Although the search for a better life was a significant reason for immigrating to the New World during the sixteen and seventeen hundreds, many early English Pilgrims also came to the settlements seeking freedom of religion. Being a Pilgrim meant that you were a person who would travel extensive distances for a religious purpose, such as achieving spiritual liberty. Considering the fact that so many immigrants who had come to the colonies came seeking freedom of religion, everyone who traveled to the New World was eventually referred to as “Pilgrims.”

Settlers and Englishmen alike believed that the Church of England was becoming too closely associated to that of the Roman Catholic Church and as a result they wished to separate from it. This resulted in hundreds upon hundreds of people immigrating to the New World to escape the Church of England and to accomplish their religious goals. Although numerous colonists felt that The Church of England was beyond repair, several of the Pilgrims thought that a few slight changes and separation from the Church of England were all that were needed to suffice what they believed was the “correct” way to worship.
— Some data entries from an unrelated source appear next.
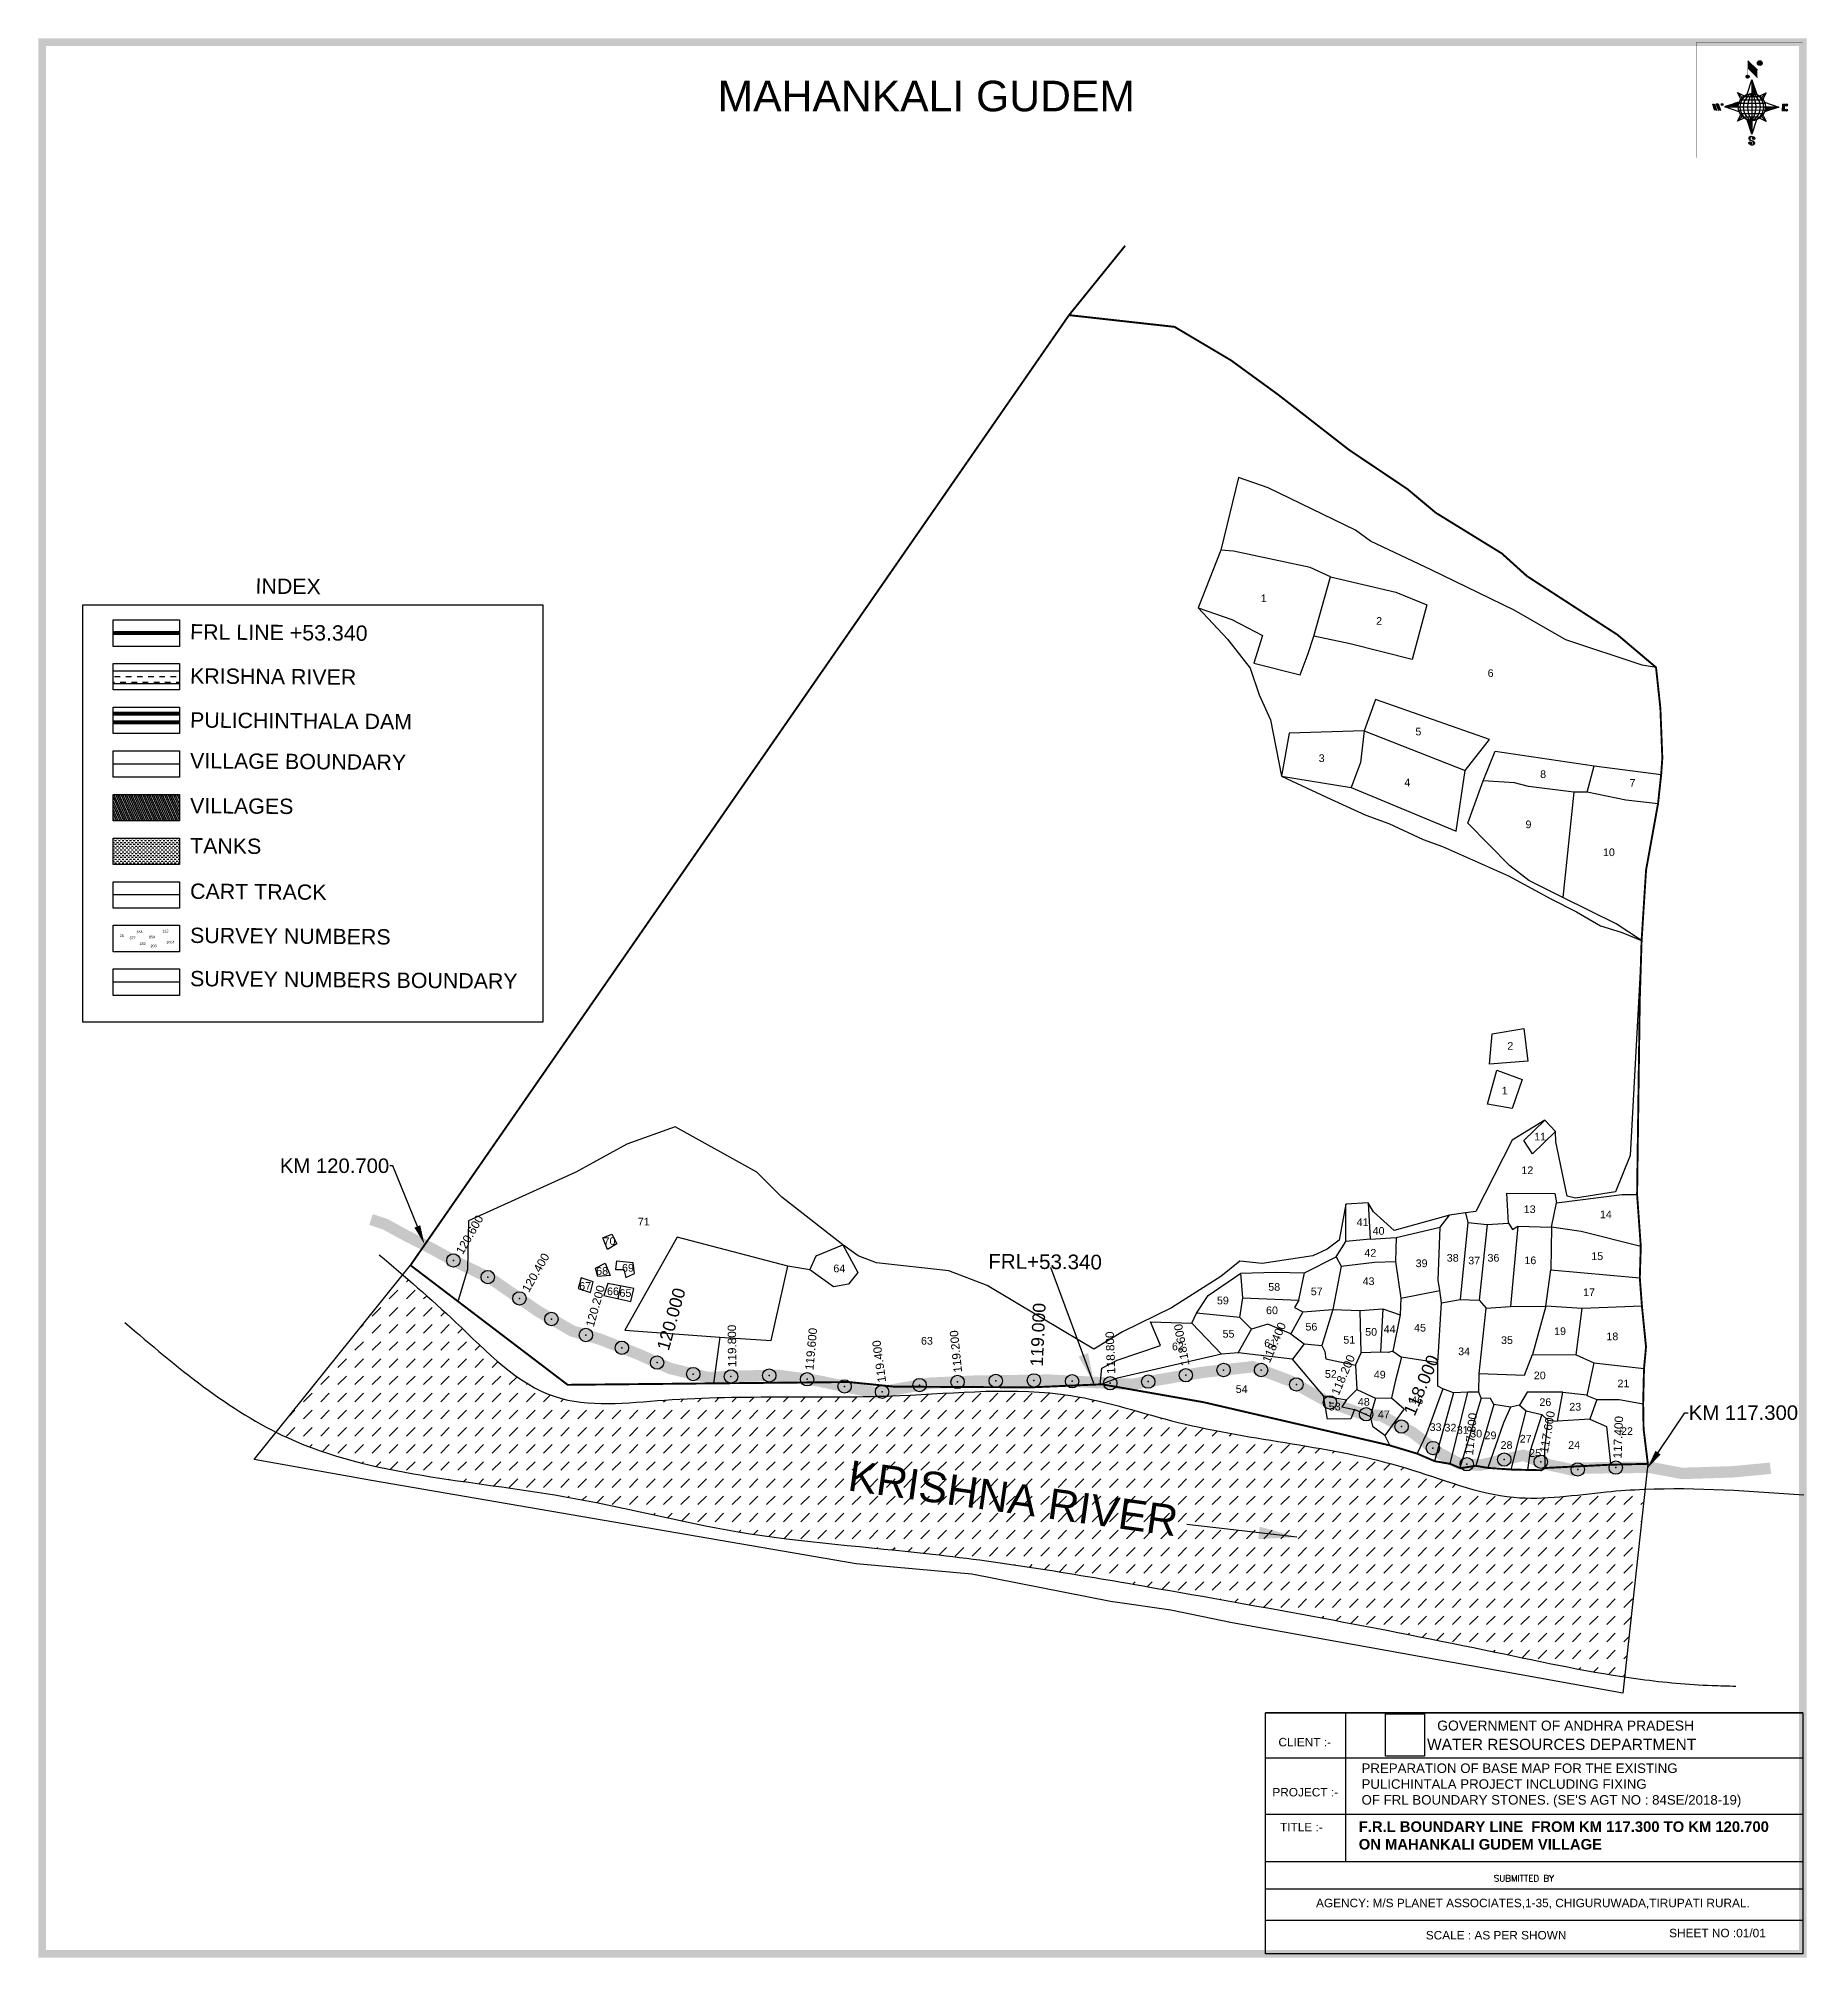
# Model space of a CAD drawing. Header units: millimetres. Extents: x 359010 to 363640, y 1844660 to 1849687.
import ezdxf
from ezdxf import colors
from ezdxf.entities.mleader import LeaderData, LeaderLine
from ezdxf.enums import TextEntityAlignment as Align
from ezdxf.math import Vec2, Vec3

# ---------------------------------------------------------------- set-up
doc = ezdxf.new("R2010")
doc.units = ezdxf.units.MM
doc.header["$PDMODE"] = 32
doc.header["$PDSIZE"] = 35
for name, color, linetype in [('BND', 6, 'Continuous'), ('bord', 1, 'Continuous'), ('DIMENSION', 7, 'Continuous'), ('FRL', 3, 'Continuous'), ('Plot', 7, 'Continuous'), ('points', 161, 'Continuous'), ('ROAD', 1, 'Continuous'), ('TABLE', 7, 'Continuous'), ('TEXT', 7, 'Continuous'), ('VILLAGE AREA', 1, 'Continuous')]:
    doc.layers.add(name, color=color, linetype=linetype)
doc.styles.add('FONT1', font='Arial')
doc.styles.add('I', font='romans.shx', dxfattribs={"width": 0.9, "height": 3})
doc.styles.add('LE', font='arial.ttf', dxfattribs={"height": 3})
doc.styles.get("Standard").update_dxf_attribs({"font": 'arial.ttf'})
doc.linetypes.add('FENCELINE2', pattern='A,0.25,-0.1,[132,ltypeshp.shx,S=0.1,R=0,X=-0.1,Y=0],-0.1,1', length=1.45)
doc.dimstyles.get("Standard").update_dxf_attribs({"dimtxt": 0.18, "dimasz": 0.18, "dimexe": 0.18, "dimexo": 0.0625, "dimgap": 0.09, "dimtad": 0, "dimtih": 1, "dimtoh": 1, "dimdec": 4, "dimzin": 0, "dimdsep": 46, "dimtxsty": 'Standard', "dimcen": 0.09, "dimadec": 0, "dimazin": 0, "dimtfac": 1, "dimtdec": 4, "dimtofl": 0, "dimtmove": 0, "dimatfit": 3, "dimfxl": 1, "dimtolj": 1, "dimtzin": 0, "dimarcsym": 0})
picture_1 = doc.add_image_def('image1.png', size_in_pixel=(5098, 5519))
pattern_1 = [(267.297113149, (-8720374.938, 50637915.138), (10.5367255337, -0.497431438), [])]
pattern_2 = [(357.297113149, (-8720374.938, 50637915.138), (0.497431438, 10.5367255337), [])]

# ---------------------------------------------------------------- blocks, each defined once
blk = doc.blocks.new('*X6')
at = {"color": 0, "linetype": 'Continuous'}
for p, q in [((6321.6, 240.5), (6322.3, 241.2)), ((6321.6, 240.3), (6322.3, 241)), ((6321.6, 240.1), (6322.3, 240.8)), ((6321.6, 239.9), (6322.4, 240.7)), ((6321.6, 239.8), (6322.4, 240.6)), ((6321.6, 239.6), (6322.5, 240.5)), ((6321.6, 239.4), (6322.5, 240.3)), ((6321.6, 239.2), (6322.6, 240.2)), ((6321.7, 239.1), (6322.6, 240.1)), ((6321.8, 240.8), (6322.4, 241.4)), ((6321.8, 239), (6322.7, 240)), ((6321.8, 239), (6322.8, 239.9)), ((6321.9, 238.9), (6322.9, 239.8)), ((6322, 238.8), (6323, 239.7)), ((6322.1, 241.3), (6322.4, 241.6)), ((6322.1, 238.7), (6323.1, 239.6)), ((6322.2, 238.6), (6323.1, 239.6)), ((6322.3, 238.5), (6323.2, 239.5)), ((6322.4, 238.5), (6323.3, 239.4)), ((6322.5, 238.4), (6323.4, 239.3)), ((6322.7, 238.4), (6323.6, 239.3)), ((6322.8, 238.3), (6323.7, 239.2)), ((6322.9, 238.3), (6323.8, 239.1)), ((6323.1, 238.2), (6323.9, 239.1)), ((6323.2, 238.2), (6324, 239)), ((6323.3, 238.2), (6324.2, 239)), ((6323.5, 238.1), (6324.3, 238.9)), ((6323.7, 238.1), (6324.4, 238.9)), ((6323.8, 238.1), (6324.6, 238.8)), ((6324.1, 238.2), (6324.7, 238.8)), ((6324.3, 238.3), (6324.9, 238.8)), ((6324.6, 238.3), (6325.1, 238.8)), ((6324.8, 238.4), (6325.2, 238.8)), ((6325.1, 238.5), (6325.4, 238.8)), ((6325.4, 238.6), (6325.6, 238.8))]:
    blk.add_line(p, q, dxfattribs=at)
blk = doc.blocks.new('*X5')
at = {"color": 0, "linetype": 'Continuous'}
for p, q in [((6324.4, 240.3), (6324.5, 240.4)), ((6324.6, 240.3), (6324.8, 240.5)), ((6324.7, 240.2), (6325, 240.5)), ((6324.8, 240.2), (6325.2, 240.6)), ((6325, 240.1), (6325.5, 240.6)), ((6325.1, 240.1), (6325.6, 240.6)), ((6325.2, 240), (6325.8, 240.6)), ((6325.3, 240), (6326, 240.6)), ((6325.4, 239.9), (6326.1, 240.6)), ((6325.5, 239.8), (6326.2, 240.5)), ((6325.6, 239.8), (6326.3, 240.5)), ((6325.7, 239.7), (6326.5, 240.4)), ((6325.9, 239.6), (6326.6, 240.3)), ((6326, 239.5), (6326.7, 240.3)), ((6326, 239.4), (6326.8, 240.2)), ((6326.1, 239.3), (6327, 240.2)), ((6326.2, 239.3), (6327.1, 240.1)), ((6326.3, 239.2), (6327.1, 240)), ((6326.4, 239.1), (6327.2, 239.9)), ((6326.5, 239), (6327.3, 239.8)), ((6326.5, 238.9), (6327.4, 239.7)), ((6326.6, 238.8), (6327.5, 239.6)), ((6326.7, 238.7), (6327.5, 239.5)), ((6326.8, 238.6), (6327.6, 239.4)), ((6326.8, 238.5), (6327.7, 239.3)), ((6326.8, 236.5), (6327.4, 237)), ((6326.9, 238.3), (6327.8, 239.2)), ((6326.9, 238.2), (6327.9, 239.1)), ((6326.9, 236.8), (6327.6, 237.4)), ((6327, 238.1), (6327.8, 239)), ((6327, 237.9), (6327.8, 238.8)), ((6327, 237.8), (6327.8, 238.6)), ((6327, 237.6), (6327.8, 238.4)), ((6327, 237.4), (6327.8, 238.2)), ((6327, 237.3), (6327.8, 238)), ((6327, 237.1), (6327.8, 237.9))]:
    blk.add_line(p, q, dxfattribs=at)
blk = doc.blocks.new('H')
at = {"layer": 'bord', "extrusion": (0.000427885, 0.004792, 0.999988)}
h = blk.add_hatch(dxfattribs=at)
h.set_pattern_fill('LINE', color=8, scale=84.387686, angle=-2.7029, style=0)
h.set_pattern_definition(pattern_2)
h.paths.add_polyline_path([(-492, 786, -0.090992), (-448, 775), (-486, 912)])
h = blk.add_hatch(dxfattribs=at)
h.set_pattern_fill('LINE', color=8, scale=84.387686, angle=-92.7029, style=0)
h.set_pattern_definition(pattern_1)
h.paths.add_polyline_path([(-625, 665, -0.090992), (-615, 710), (-751, 671)])
h = blk.add_hatch(dxfattribs=at)
h.set_pattern_fill('LINE', color=8, scale=84.387686, angle=-92.7029, style=0)
h.set_pattern_definition(pattern_1)
h.paths.add_polyline_path([(-246, 647), (-372, 653, -0.090992), (-382, 609)])
h = blk.add_hatch(dxfattribs=at)
h.set_pattern_fill('LINE', color=8, scale=84.387686, angle=-2.7029, style=0)
h.set_pattern_definition(pattern_2)
h.paths.add_polyline_path([(-504, 533, -0.090992), (-549, 543), (-510, 406)])
for p, q in [((-516, 1087, -1217), (-432, 994, -1217)), ((-538, 774, -1216), (-487, 906, -1216)), ((-519, 1020, -1217), (-435, 927, -1216)), ((-487, 906, -1216), (-493, 780, -1216)), ((-487, 906, -1216), (-448, 769, -1216)), ((-627, 794, -1216), (-567, 760, -1216)), ((-627, 794, -1216), (-584, 747, -1215)), ((-599, 731, -1215), (-627, 794, -1216)), ((-421, 753, -1216), (-359, 781, -1216)), ((-359, 781, -1216), (-405, 739, -1216)), ((-359, 781, -1216), (-392, 721, -1215)), ((-865, 701, -1215), (-847, 638, -1215)), ((-847, 700, -1215), (-829, 637, -1215)), ((-829, 699, -1215), (-811, 636, -1215)), ((-829, 699, -1215), (-811, 698, -1215)), ((-811, 698, -1215), (-794, 635, -1215)), ((-752, 665, -1215), (-615, 704, -1215)), ((-752, 665, -1215), (-625, 659, -1215)), ((-619, 614, -1215), (-752, 665, -1215)), ((-639, 526, -1214), (-606, 585, -1215)), ((-639, 526, -1214), (-593, 568, -1215)), ((-577, 553, -1215), (-639, 526, -1214)), ((-371, 513, -1214), (-431, 546, -1215)), ((-371, 513, -1214), (-414, 560, -1215)), ((-399, 576, -1215), (-371, 513, -1214)), ((-246, 641, -1215), (-383, 603, -1215)), ((-379, 693, -1215), (-246, 641, -1215)), ((-373, 647, -1215), (-246, 641, -1215)), ((-213, 669, -1215), (-217, 601, -1215)), ((-197, 600, -1215), (-194, 668, -1215)), ((-511, 400, -1214), (-549, 537, -1214)), ((-460, 533, -1215), (-511, 400, -1214)), ((-505, 527, -1214), (-511, 400, -1214))]:
    blk.add_line(p, q, dxfattribs=at)
at = {"layer": 'bord', "color": 8, "linetype": 'ByBlock', "extrusion": (0.000427885, 0.004792, 0.999988)}
for p, q in [((-386, 711, -1215), (-605, 722, -1215)), ((-411, 744, -1216), (-578, 752, -1216)), ((-493, 780, -1216), (-505, 527, -1214)), ((-373, 647, -1215), (-625, 659, -1215)), ((-378, 616, -1215), (-623, 628, -1215)), ((-375, 679, -1215), (-620, 691, -1215)), ((-392, 585, -1215), (-611, 595, -1215)), ((-420, 555, -1215), (-587, 562, -1215))]:
    blk.add_line(p, q, dxfattribs=at)
at = {"layer": 'bord', "extrusion": (0.000427885, 0.004792, 0.999988), "elevation": -1212}
for points, const_width in [([(-522, 960), (-516, 1093)], 1.61), ([(-434, 933), (-428, 1066)], 1.61), ([(-870, 707), (-846, 706)], 0.642), ([(-829, 643), (-855, 644)], 0.642), ([(-829, 643), (-821, 678)], 0.642), ([(-811, 642), (-784, 641)], 0.642), ([(-793, 641), (-782, 694)], 0.642), ([(-177, 605), (-226, 607)], 0.706), ([(-223, 676), (-174, 673)], 0.706), ([(-195, 645), (-185, 644)], 0.706)]:
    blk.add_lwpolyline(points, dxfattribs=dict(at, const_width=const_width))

Although many Pilgrims had achieved religious freedom, colonists continued to face religious differences within the settlements as religion began to play a larger part of their everyday lives. A vast majority of those who immigrated to America in the early colonial era were searching for freedom of religion, and several Pilgrims found what they were looking for; however, a similar number did not, and were forced to return to England, only to face the religious oppression that they knew existed there.